▸ DATA SUPPLIED:

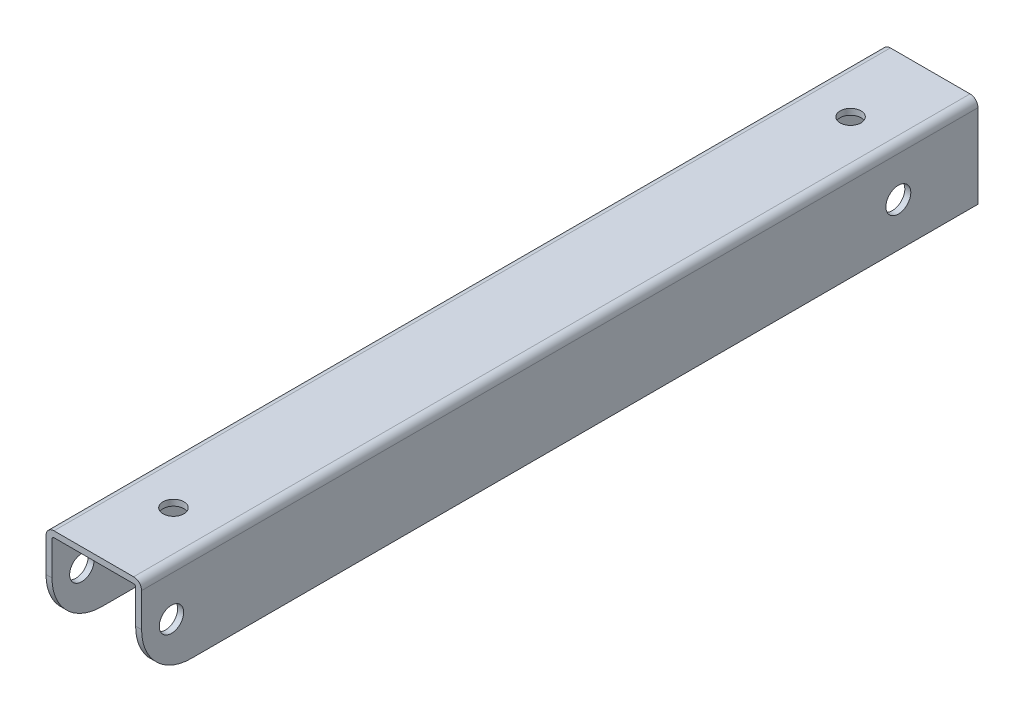
ISO-10303-21;
HEADER;
FILE_DESCRIPTION(('STEP AP214'),'2;1');
FILE_NAME('part.step','',(''),(''),'','','');
FILE_SCHEMA(('AUTOMOTIVE_DESIGN { 1 0 10303 214 1 1 1 1 }'));
ENDSEC;
DATA;
#1=APPLICATION_CONTEXT('core data for automotive mechanical design processes');
#2=APPLICATION_PROTOCOL_DEFINITION('international standard','automotive_design',2000,#1);
#3=PRODUCT_CONTEXT('',#1,'mechanical');
#4=PRODUCT('Part','Part','',(#3));
#5=PRODUCT_RELATED_PRODUCT_CATEGORY('part','',(#4));
#6=PRODUCT_DEFINITION_FORMATION('','',#4);
#7=PRODUCT_DEFINITION_CONTEXT('part definition',#1,'design');
#8=PRODUCT_DEFINITION('design','',#6,#7);
#9=PRODUCT_DEFINITION_SHAPE('','',#8);
#10=(LENGTH_UNIT() NAMED_UNIT(*) SI_UNIT(.MILLI.,.METRE.));
#11=(NAMED_UNIT(*) PLANE_ANGLE_UNIT() SI_UNIT($,.RADIAN.));
#12=(NAMED_UNIT(*) SI_UNIT($,.STERADIAN.) SOLID_ANGLE_UNIT());
#13=UNCERTAINTY_MEASURE_WITH_UNIT(LENGTH_MEASURE(1.E-05),#10,'distance_accuracy_value','');
#14=(GEOMETRIC_REPRESENTATION_CONTEXT(3) GLOBAL_UNCERTAINTY_ASSIGNED_CONTEXT((#13)) GLOBAL_UNIT_ASSIGNED_CONTEXT((#10,
#11,#12)) REPRESENTATION_CONTEXT('',''));
#15=CARTESIAN_POINT('',(0.,0.,0.));
#16=DIRECTION('',(0.,0.,1.));
#17=DIRECTION('',(1.,0.,0.));
#18=AXIS2_PLACEMENT_3D('',#15,#16,#17);
#19=CARTESIAN_POINT('',(-40.044551645857,40.375,420.));
#20=DIRECTION('',(1.,0.,0.));
#21=DIRECTION('',(0.,1.,0.));
#22=AXIS2_PLACEMENT_3D('',#19,#20,#21);
#23=PLANE('',#22);
#24=CARTESIAN_POINT('',(-40.0445516458568,20.375,405.));
#25=DIRECTION('',(-1.,0.,0.));
#26=DIRECTION('',(0.,0.,1.));
#27=AXIS2_PLACEMENT_3D('',#24,#25,#26);
#28=CIRCLE('',#27,6.12499999999999);
#29=CARTESIAN_POINT('',(-40.0445516458568,20.375,411.125));
#30=VERTEX_POINT('',#29);
#31=EDGE_CURVE('E404',#30,#30,#28,.T.);
#32=ORIENTED_EDGE('',*,*,#31,.F.);
#33=EDGE_LOOP('',(#32));
#34=FACE_BOUND('',#33,.T.);
#35=CARTESIAN_POINT('',(-40.0445516458568,20.375,40.));
#36=DIRECTION('',(-1.,0.,0.));
#37=DIRECTION('',(0.,0.,1.));
#38=AXIS2_PLACEMENT_3D('',#35,#36,#37);
#39=CIRCLE('',#38,6.25);
#40=CARTESIAN_POINT('',(-40.0445516458568,20.375,46.25));
#41=VERTEX_POINT('',#40);
#42=EDGE_CURVE('E420',#41,#41,#39,.T.);
#43=ORIENTED_EDGE('',*,*,#42,.F.);
#44=EDGE_LOOP('',(#43));
#45=FACE_BOUND('',#44,.T.);
#46=DIRECTION('',(0.,0.,-1.));
#47=VECTOR('',#46,1.);
#48=CARTESIAN_POINT('',(-40.0445516458566,-1.62500000000004,420.));
#49=LINE('',#48,#47);
#50=CARTESIAN_POINT('',(-40.0445516458566,-1.62500000000004,395.));
#51=VERTEX_POINT('',#50);
#52=CARTESIAN_POINT('',(-40.0445516458566,-1.62500000000004,0.));
#53=VERTEX_POINT('',#52);
#54=EDGE_CURVE('E265',#51,#53,#49,.T.);
#55=ORIENTED_EDGE('',*,*,#54,.F.);
#56=CARTESIAN_POINT('',(-40.0445516458568,23.375,395.));
#57=DIRECTION('',(1.,0.,0.));
#58=DIRECTION('',(0.,1.,0.));
#59=AXIS2_PLACEMENT_3D('',#56,#57,#58);
#60=CIRCLE('',#59,25.);
#61=CARTESIAN_POINT('',(-40.0445516458568,23.375,420.));
#62=VERTEX_POINT('',#61);
#63=EDGE_CURVE('E272',#51,#62,#60,.F.);
#64=ORIENTED_EDGE('',*,*,#63,.T.);
#65=DIRECTION('',(0.,-1.,0.));
#66=VECTOR('',#65,1.);
#67=CARTESIAN_POINT('',(-40.044551645857,40.375,420.));
#68=LINE('',#67,#66);
#69=CARTESIAN_POINT('',(-40.044551645857,40.375,420.));
#70=VERTEX_POINT('',#69);
#71=EDGE_CURVE('E162',#70,#62,#68,.T.);
#72=ORIENTED_EDGE('',*,*,#71,.F.);
#73=DIRECTION('',(0.,0.,-1.));
#74=VECTOR('',#73,1.);
#75=CARTESIAN_POINT('',(-40.044551645857,40.375,420.));
#76=LINE('',#75,#74);
#77=CARTESIAN_POINT('',(-40.044551645857,40.375,0.));
#78=VERTEX_POINT('',#77);
#79=EDGE_CURVE('E191',#70,#78,#76,.T.);
#80=ORIENTED_EDGE('',*,*,#79,.T.);
#81=DIRECTION('',(0.,-1.,0.));
#82=VECTOR('',#81,1.);
#83=CARTESIAN_POINT('',(-40.044551645857,40.375,0.));
#84=LINE('',#83,#82);
#85=EDGE_CURVE('E192',#78,#53,#84,.T.);
#86=ORIENTED_EDGE('',*,*,#85,.T.);
#87=EDGE_LOOP('',(#55,#64,#72,#80,#86));
#88=FACE_BOUND('',#87,.T.);
#89=ADVANCED_FACE('F38',(#34,#45,#88),#23,.F.);
#90=CARTESIAN_POINT('',(-37.0445516458566,-1.62500000000001,420.));
#91=DIRECTION('',(0.,-1.,0.));
#92=DIRECTION('',(1.,0.,0.));
#93=AXIS2_PLACEMENT_3D('',#90,#91,#92);
#94=PLANE('',#93);
#95=DIRECTION('',(0.,0.,-1.));
#96=VECTOR('',#95,1.);
#97=CARTESIAN_POINT('',(-37.0445516458566,-1.62500000000001,420.));
#98=LINE('',#97,#96);
#99=CARTESIAN_POINT('',(-37.0445516458566,-1.62500000000001,395.));
#100=VERTEX_POINT('',#99);
#101=CARTESIAN_POINT('',(-37.0445516458566,-1.62500000000001,0.));
#102=VERTEX_POINT('',#101);
#103=EDGE_CURVE('E150',#100,#102,#98,.T.);
#104=ORIENTED_EDGE('',*,*,#103,.F.);
#105=DIRECTION('',(-1.,0.,0.));
#106=VECTOR('',#105,1.);
#107=CARTESIAN_POINT('',(-37.0445516458566,-1.62500000000001,395.));
#108=LINE('',#107,#106);
#109=EDGE_CURVE('E268',#100,#51,#108,.T.);
#110=ORIENTED_EDGE('',*,*,#109,.T.);
#111=ORIENTED_EDGE('',*,*,#54,.T.);
#112=DIRECTION('',(-1.,0.,0.));
#113=VECTOR('',#112,1.);
#114=CARTESIAN_POINT('',(-37.0445516458566,-1.62500000000001,0.));
#115=LINE('',#114,#113);
#116=EDGE_CURVE('E196',#102,#53,#115,.T.);
#117=ORIENTED_EDGE('',*,*,#116,.F.);
#118=EDGE_LOOP('',(#104,#110,#111,#117));
#119=FACE_BOUND('',#118,.T.);
#120=ADVANCED_FACE('F320',(#119),#94,.T.);
#121=CARTESIAN_POINT('',(-37.044551645857,40.375,420.));
#122=DIRECTION('',(1.,0.,0.));
#123=DIRECTION('',(0.,1.,0.));
#124=AXIS2_PLACEMENT_3D('',#121,#122,#123);
#125=PLANE('',#124);
#126=CARTESIAN_POINT('',(-37.0445516458568,20.375,405.));
#127=DIRECTION('',(1.,0.,0.));
#128=DIRECTION('',(0.,1.,0.));
#129=AXIS2_PLACEMENT_3D('',#126,#127,#128);
#130=CIRCLE('',#129,6.12499999999999);
#131=CARTESIAN_POINT('',(-37.0445516458568,26.4999999999999,405.));
#132=VERTEX_POINT('',#131);
#133=EDGE_CURVE('E416',#132,#132,#130,.T.);
#134=ORIENTED_EDGE('',*,*,#133,.F.);
#135=EDGE_LOOP('',(#134));
#136=FACE_BOUND('',#135,.T.);
#137=CARTESIAN_POINT('',(-37.0445516458568,20.375,40.));
#138=DIRECTION('',(1.,0.,0.));
#139=DIRECTION('',(0.,1.,0.));
#140=AXIS2_PLACEMENT_3D('',#137,#138,#139);
#141=CIRCLE('',#140,6.24999999999999);
#142=CARTESIAN_POINT('',(-37.0445516458568,26.6249999999999,40.));
#143=VERTEX_POINT('',#142);
#144=EDGE_CURVE('E428',#143,#143,#141,.T.);
#145=ORIENTED_EDGE('',*,*,#144,.F.);
#146=EDGE_LOOP('',(#145));
#147=FACE_BOUND('',#146,.T.);
#148=DIRECTION('',(0.,-1.,0.));
#149=VECTOR('',#148,1.);
#150=CARTESIAN_POINT('',(-37.044551645857,40.375,420.));
#151=LINE('',#150,#149);
#152=CARTESIAN_POINT('',(-37.044551645857,40.375,420.));
#153=VERTEX_POINT('',#152);
#154=CARTESIAN_POINT('',(-37.0445516458568,23.375,420.));
#155=VERTEX_POINT('',#154);
#156=EDGE_CURVE('E141',#153,#155,#151,.T.);
#157=ORIENTED_EDGE('',*,*,#156,.T.);
#158=CARTESIAN_POINT('',(-37.0445516458568,23.375,395.));
#159=DIRECTION('',(1.,0.,0.));
#160=DIRECTION('',(0.,1.,0.));
#161=AXIS2_PLACEMENT_3D('',#158,#159,#160);
#162=CIRCLE('',#161,25.);
#163=EDGE_CURVE('E277',#155,#100,#162,.T.);
#164=ORIENTED_EDGE('',*,*,#163,.T.);
#165=ORIENTED_EDGE('',*,*,#103,.T.);
#166=DIRECTION('',(0.,-1.,0.));
#167=VECTOR('',#166,1.);
#168=CARTESIAN_POINT('',(-37.044551645857,40.375,0.));
#169=LINE('',#168,#167);
#170=CARTESIAN_POINT('',(-37.044551645857,40.375,0.));
#171=VERTEX_POINT('',#170);
#172=EDGE_CURVE('E144',#171,#102,#169,.T.);
#173=ORIENTED_EDGE('',*,*,#172,.F.);
#174=DIRECTION('',(0.,0.,-1.));
#175=VECTOR('',#174,1.);
#176=CARTESIAN_POINT('',(-37.044551645857,40.375,420.));
#177=LINE('',#176,#175);
#178=EDGE_CURVE('E138',#153,#171,#177,.T.);
#179=ORIENTED_EDGE('',*,*,#178,.F.);
#180=EDGE_LOOP('',(#157,#164,#165,#173,#179));
#181=FACE_BOUND('',#180,.T.);
#182=ADVANCED_FACE('F140',(#136,#147,#181),#125,.T.);
#183=CARTESIAN_POINT('',(-36.044551645857,40.375,420.));
#184=DIRECTION('',(0.,0.,-1.));
#185=DIRECTION('',(-1.,0.,0.));
#186=AXIS2_PLACEMENT_3D('',#183,#184,#185);
#187=CYLINDRICAL_SURFACE('',#186,1.);
#188=CARTESIAN_POINT('',(-36.044551645857,40.375,0.));
#189=DIRECTION('',(0.,0.,1.));
#190=DIRECTION('',(1.,0.,0.));
#191=AXIS2_PLACEMENT_3D('',#188,#189,#190);
#192=CIRCLE('',#191,1.);
#193=CARTESIAN_POINT('',(-36.044551645857,41.375,0.));
#194=VERTEX_POINT('',#193);
#195=EDGE_CURVE('E203',#194,#171,#192,.T.);
#196=ORIENTED_EDGE('',*,*,#195,.F.);
#197=DIRECTION('',(0.,0.,-1.));
#198=VECTOR('',#197,1.);
#199=CARTESIAN_POINT('',(-36.044551645857,41.375,420.));
#200=LINE('',#199,#198);
#201=CARTESIAN_POINT('',(-36.044551645857,41.375,420.));
#202=VERTEX_POINT('',#201);
#203=EDGE_CURVE('E151',#202,#194,#200,.T.);
#204=ORIENTED_EDGE('',*,*,#203,.F.);
#205=CARTESIAN_POINT('',(-36.044551645857,40.375,420.));
#206=DIRECTION('',(0.,0.,1.));
#207=DIRECTION('',(1.,0.,0.));
#208=AXIS2_PLACEMENT_3D('',#205,#206,#207);
#209=CIRCLE('',#208,1.);
#210=EDGE_CURVE('E156',#202,#153,#209,.T.);
#211=ORIENTED_EDGE('',*,*,#210,.T.);
#212=ORIENTED_EDGE('',*,*,#178,.T.);
#213=EDGE_LOOP('',(#196,#204,#211,#212));
#214=FACE_BOUND('',#213,.T.);
#215=ADVANCED_FACE('F164',(#214),#187,.F.);
#216=CARTESIAN_POINT('',(-36.044551645857,41.375,420.));
#217=DIRECTION('',(0.,-1.,0.));
#218=DIRECTION('',(0.,0.,-1.));
#219=AXIS2_PLACEMENT_3D('',#216,#217,#218);
#220=PLANE('',#219);
#221=CARTESIAN_POINT('',(-16.044551645857,41.375,380.));
#222=DIRECTION('',(0.,-1.,0.));
#223=DIRECTION('',(0.,0.,-1.));
#224=AXIS2_PLACEMENT_3D('',#221,#222,#223);
#225=CIRCLE('',#224,5.24999999999999);
#226=CARTESIAN_POINT('',(-16.044551645857,41.375,374.75));
#227=VERTEX_POINT('',#226);
#228=EDGE_CURVE('E387',#227,#227,#225,.T.);
#229=ORIENTED_EDGE('',*,*,#228,.F.);
#230=EDGE_LOOP('',(#229));
#231=FACE_BOUND('',#230,.T.);
#232=CARTESIAN_POINT('',(-16.044551645857,41.375,40.));
#233=DIRECTION('',(0.,-1.,0.));
#234=DIRECTION('',(0.,0.,-1.));
#235=AXIS2_PLACEMENT_3D('',#232,#233,#234);
#236=CIRCLE('',#235,5.24999999999999);
#237=CARTESIAN_POINT('',(-16.044551645857,41.375,34.75));
#238=VERTEX_POINT('',#237);
#239=EDGE_CURVE('E400',#238,#238,#236,.T.);
#240=ORIENTED_EDGE('',*,*,#239,.F.);
#241=EDGE_LOOP('',(#240));
#242=FACE_BOUND('',#241,.T.);
#243=DIRECTION('',(-1.,0.,0.));
#244=VECTOR('',#243,1.);
#245=CARTESIAN_POINT('',(-36.044551645857,41.375,0.));
#246=LINE('',#245,#244);
#247=CARTESIAN_POINT('',(3.95544835414302,41.375,0.));
#248=VERTEX_POINT('',#247);
#249=EDGE_CURVE('E206',#248,#194,#246,.T.);
#250=ORIENTED_EDGE('',*,*,#249,.F.);
#251=DIRECTION('',(0.,0.,-1.));
#252=VECTOR('',#251,1.);
#253=CARTESIAN_POINT('',(3.95544835414302,41.375,420.));
#254=LINE('',#253,#252);
#255=CARTESIAN_POINT('',(3.95544835414302,41.375,420.));
#256=VERTEX_POINT('',#255);
#257=EDGE_CURVE('E258',#256,#248,#254,.T.);
#258=ORIENTED_EDGE('',*,*,#257,.F.);
#259=DIRECTION('',(-1.,0.,0.));
#260=VECTOR('',#259,1.);
#261=CARTESIAN_POINT('',(-36.044551645857,41.375,420.));
#262=LINE('',#261,#260);
#263=EDGE_CURVE('E166',#256,#202,#262,.T.);
#264=ORIENTED_EDGE('',*,*,#263,.T.);
#265=ORIENTED_EDGE('',*,*,#203,.T.);
#266=EDGE_LOOP('',(#250,#258,#264,#265));
#267=FACE_BOUND('',#266,.T.);
#268=ADVANCED_FACE('F337',(#231,#242,#267),#220,.T.);
#269=CARTESIAN_POINT('',(3.95544835414302,40.375,420.));
#270=DIRECTION('',(0.,0.,-1.));
#271=DIRECTION('',(-1.,0.,0.));
#272=AXIS2_PLACEMENT_3D('',#269,#270,#271);
#273=CYLINDRICAL_SURFACE('',#272,1.);
#274=CARTESIAN_POINT('',(3.95544835414302,40.375,0.));
#275=DIRECTION('',(0.,0.,1.));
#276=DIRECTION('',(-1.,0.,0.));
#277=AXIS2_PLACEMENT_3D('',#274,#275,#276);
#278=CIRCLE('',#277,1.);
#279=CARTESIAN_POINT('',(4.95544835414302,40.375,0.));
#280=VERTEX_POINT('',#279);
#281=EDGE_CURVE('E210',#280,#248,#278,.T.);
#282=ORIENTED_EDGE('',*,*,#281,.F.);
#283=DIRECTION('',(0.,0.,-1.));
#284=VECTOR('',#283,1.);
#285=CARTESIAN_POINT('',(4.95544835414302,40.375,420.));
#286=LINE('',#285,#284);
#287=CARTESIAN_POINT('',(4.95544835414302,40.375,420.));
#288=VERTEX_POINT('',#287);
#289=EDGE_CURVE('E255',#288,#280,#286,.T.);
#290=ORIENTED_EDGE('',*,*,#289,.F.);
#291=CARTESIAN_POINT('',(3.95544835414302,40.375,420.));
#292=DIRECTION('',(0.,0.,1.));
#293=DIRECTION('',(-1.,0.,0.));
#294=AXIS2_PLACEMENT_3D('',#291,#292,#293);
#295=CIRCLE('',#294,1.);
#296=EDGE_CURVE('E169',#288,#256,#295,.T.);
#297=ORIENTED_EDGE('',*,*,#296,.T.);
#298=ORIENTED_EDGE('',*,*,#257,.T.);
#299=EDGE_LOOP('',(#282,#290,#297,#298));
#300=FACE_BOUND('',#299,.T.);
#301=ADVANCED_FACE('F340',(#300),#273,.F.);
#302=CARTESIAN_POINT('',(4.95544835414302,-1.62500000000002,420.));
#303=DIRECTION('',(-1.,0.,0.));
#304=DIRECTION('',(0.,0.,1.));
#305=AXIS2_PLACEMENT_3D('',#302,#303,#304);
#306=PLANE('',#305);
#307=CARTESIAN_POINT('',(4.95544835414302,20.375,405.));
#308=DIRECTION('',(-1.,0.,0.));
#309=DIRECTION('',(0.,0.,1.));
#310=AXIS2_PLACEMENT_3D('',#307,#308,#309);
#311=CIRCLE('',#310,6.12499999999999);
#312=CARTESIAN_POINT('',(4.95544835414302,20.375,411.125));
#313=VERTEX_POINT('',#312);
#314=EDGE_CURVE('E412',#313,#313,#311,.T.);
#315=ORIENTED_EDGE('',*,*,#314,.F.);
#316=EDGE_LOOP('',(#315));
#317=FACE_BOUND('',#316,.T.);
#318=CARTESIAN_POINT('',(4.95544835414302,20.375,40.));
#319=DIRECTION('',(-1.,0.,0.));
#320=DIRECTION('',(0.,0.,1.));
#321=AXIS2_PLACEMENT_3D('',#318,#319,#320);
#322=CIRCLE('',#321,6.24999999999999);
#323=CARTESIAN_POINT('',(4.95544835414302,20.375,46.25));
#324=VERTEX_POINT('',#323);
#325=EDGE_CURVE('E197',#324,#324,#322,.T.);
#326=ORIENTED_EDGE('',*,*,#325,.F.);
#327=EDGE_LOOP('',(#326));
#328=FACE_BOUND('',#327,.T.);
#329=DIRECTION('',(0.,0.,-1.));
#330=VECTOR('',#329,1.);
#331=CARTESIAN_POINT('',(4.95544835414302,-1.62500000000002,420.));
#332=LINE('',#331,#330);
#333=CARTESIAN_POINT('',(4.95544835414302,-1.62500000000002,395.));
#334=VERTEX_POINT('',#333);
#335=CARTESIAN_POINT('',(4.95544835414302,-1.62500000000002,0.));
#336=VERTEX_POINT('',#335);
#337=EDGE_CURVE('E252',#334,#336,#332,.T.);
#338=ORIENTED_EDGE('',*,*,#337,.F.);
#339=CARTESIAN_POINT('',(4.95544835414302,23.375,395.));
#340=DIRECTION('',(-1.,0.,0.));
#341=DIRECTION('',(0.,0.,1.));
#342=AXIS2_PLACEMENT_3D('',#339,#340,#341);
#343=CIRCLE('',#342,25.);
#344=CARTESIAN_POINT('',(4.95544835414302,23.375,420.));
#345=VERTEX_POINT('',#344);
#346=EDGE_CURVE('E61',#334,#345,#343,.T.);
#347=ORIENTED_EDGE('',*,*,#346,.T.);
#348=DIRECTION('',(0.,1.,0.));
#349=VECTOR('',#348,1.);
#350=CARTESIAN_POINT('',(4.95544835414302,-1.62500000000002,420.));
#351=LINE('',#350,#349);
#352=EDGE_CURVE('E176',#345,#288,#351,.T.);
#353=ORIENTED_EDGE('',*,*,#352,.T.);
#354=ORIENTED_EDGE('',*,*,#289,.T.);
#355=DIRECTION('',(0.,1.,0.));
#356=VECTOR('',#355,1.);
#357=CARTESIAN_POINT('',(4.95544835414302,-1.62500000000002,0.));
#358=LINE('',#357,#356);
#359=EDGE_CURVE('E214',#336,#280,#358,.T.);
#360=ORIENTED_EDGE('',*,*,#359,.F.);
#361=EDGE_LOOP('',(#338,#347,#353,#354,#360));
#362=FACE_BOUND('',#361,.T.);
#363=ADVANCED_FACE('F294',(#317,#328,#362),#306,.T.);
#364=CARTESIAN_POINT('',(7.95544835414302,-1.62500000000002,420.));
#365=DIRECTION('',(0.,-1.,0.));
#366=DIRECTION('',(0.,0.,-1.));
#367=AXIS2_PLACEMENT_3D('',#364,#365,#366);
#368=PLANE('',#367);
#369=DIRECTION('',(0.,0.,-1.));
#370=VECTOR('',#369,1.);
#371=CARTESIAN_POINT('',(7.95544835414302,-1.62500000000002,420.));
#372=LINE('',#371,#370);
#373=CARTESIAN_POINT('',(7.95544835414302,-1.62500000000002,395.));
#374=VERTEX_POINT('',#373);
#375=CARTESIAN_POINT('',(7.95544835414302,-1.62500000000002,0.));
#376=VERTEX_POINT('',#375);
#377=EDGE_CURVE('E249',#374,#376,#372,.T.);
#378=ORIENTED_EDGE('',*,*,#377,.F.);
#379=DIRECTION('',(-1.,0.,0.));
#380=VECTOR('',#379,1.);
#381=CARTESIAN_POINT('',(7.95544835414302,-1.62500000000002,395.));
#382=LINE('',#381,#380);
#383=EDGE_CURVE('E280',#374,#334,#382,.T.);
#384=ORIENTED_EDGE('',*,*,#383,.T.);
#385=ORIENTED_EDGE('',*,*,#337,.T.);
#386=DIRECTION('',(-1.,0.,0.));
#387=VECTOR('',#386,1.);
#388=CARTESIAN_POINT('',(7.95544835414302,-1.62500000000002,0.));
#389=LINE('',#388,#387);
#390=EDGE_CURVE('E218',#376,#336,#389,.T.);
#391=ORIENTED_EDGE('',*,*,#390,.F.);
#392=EDGE_LOOP('',(#378,#384,#385,#391));
#393=FACE_BOUND('',#392,.T.);
#394=ADVANCED_FACE('F289',(#393),#368,.T.);
#395=CARTESIAN_POINT('',(7.95544835414302,-1.62500000000002,420.));
#396=DIRECTION('',(-1.,0.,0.));
#397=DIRECTION('',(0.,0.,1.));
#398=AXIS2_PLACEMENT_3D('',#395,#396,#397);
#399=PLANE('',#398);
#400=CARTESIAN_POINT('',(7.95544835414349,20.375,405.));
#401=DIRECTION('',(-1.,0.,0.));
#402=DIRECTION('',(0.,0.,1.));
#403=AXIS2_PLACEMENT_3D('',#400,#401,#402);
#404=CIRCLE('',#403,6.12499999999999);
#405=CARTESIAN_POINT('',(7.95544835414349,20.375,411.125));
#406=VERTEX_POINT('',#405);
#407=EDGE_CURVE('E408',#406,#406,#404,.T.);
#408=ORIENTED_EDGE('',*,*,#407,.T.);
#409=EDGE_LOOP('',(#408));
#410=FACE_BOUND('',#409,.T.);
#411=CARTESIAN_POINT('',(7.95544835414322,20.375,40.));
#412=DIRECTION('',(-1.,0.,0.));
#413=DIRECTION('',(0.,0.,1.));
#414=AXIS2_PLACEMENT_3D('',#411,#412,#413);
#415=CIRCLE('',#414,6.24999999999999);
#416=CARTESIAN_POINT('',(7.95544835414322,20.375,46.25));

▸ PROBLEM REQUIREMENTS:
Your task for the entries above: copy exactly the span starting with the line with "#216=CARTESIAN_POINT('',(-36.044551645857,41.375,420.));" and going on through the line with "#262=LINE('',#261,#260);", both lines included, and nothing else.

▸ ANSWER TO THIS TASK:
#216=CARTESIAN_POINT('',(-36.044551645857,41.375,420.));
#217=DIRECTION('',(0.,-1.,0.));
#218=DIRECTION('',(0.,0.,-1.));
#219=AXIS2_PLACEMENT_3D('',#216,#217,#218);
#220=PLANE('',#219);
#221=CARTESIAN_POINT('',(-16.044551645857,41.375,380.));
#222=DIRECTION('',(0.,-1.,0.));
#223=DIRECTION('',(0.,0.,-1.));
#224=AXIS2_PLACEMENT_3D('',#221,#222,#223);
#225=CIRCLE('',#224,5.24999999999999);
#226=CARTESIAN_POINT('',(-16.044551645857,41.375,374.75));
#227=VERTEX_POINT('',#226);
#228=EDGE_CURVE('E387',#227,#227,#225,.T.);
#229=ORIENTED_EDGE('',*,*,#228,.F.);
#230=EDGE_LOOP('',(#229));
#231=FACE_BOUND('',#230,.T.);
#232=CARTESIAN_POINT('',(-16.044551645857,41.375,40.));
#233=DIRECTION('',(0.,-1.,0.));
#234=DIRECTION('',(0.,0.,-1.));
#235=AXIS2_PLACEMENT_3D('',#232,#233,#234);
#236=CIRCLE('',#235,5.24999999999999);
#237=CARTESIAN_POINT('',(-16.044551645857,41.375,34.75));
#238=VERTEX_POINT('',#237);
#239=EDGE_CURVE('E400',#238,#238,#236,.T.);
#240=ORIENTED_EDGE('',*,*,#239,.F.);
#241=EDGE_LOOP('',(#240));
#242=FACE_BOUND('',#241,.T.);
#243=DIRECTION('',(-1.,0.,0.));
#244=VECTOR('',#243,1.);
#245=CARTESIAN_POINT('',(-36.044551645857,41.375,0.));
#246=LINE('',#245,#244);
#247=CARTESIAN_POINT('',(3.95544835414302,41.375,0.));
#248=VERTEX_POINT('',#247);
#249=EDGE_CURVE('E206',#248,#194,#246,.T.);
#250=ORIENTED_EDGE('',*,*,#249,.F.);
#251=DIRECTION('',(0.,0.,-1.));
#252=VECTOR('',#251,1.);
#253=CARTESIAN_POINT('',(3.95544835414302,41.375,420.));
#254=LINE('',#253,#252);
#255=CARTESIAN_POINT('',(3.95544835414302,41.375,420.));
#256=VERTEX_POINT('',#255);
#257=EDGE_CURVE('E258',#256,#248,#254,.T.);
#258=ORIENTED_EDGE('',*,*,#257,.F.);
#259=DIRECTION('',(-1.,0.,0.));
#260=VECTOR('',#259,1.);
#261=CARTESIAN_POINT('',(-36.044551645857,41.375,420.));
#262=LINE('',#261,#260);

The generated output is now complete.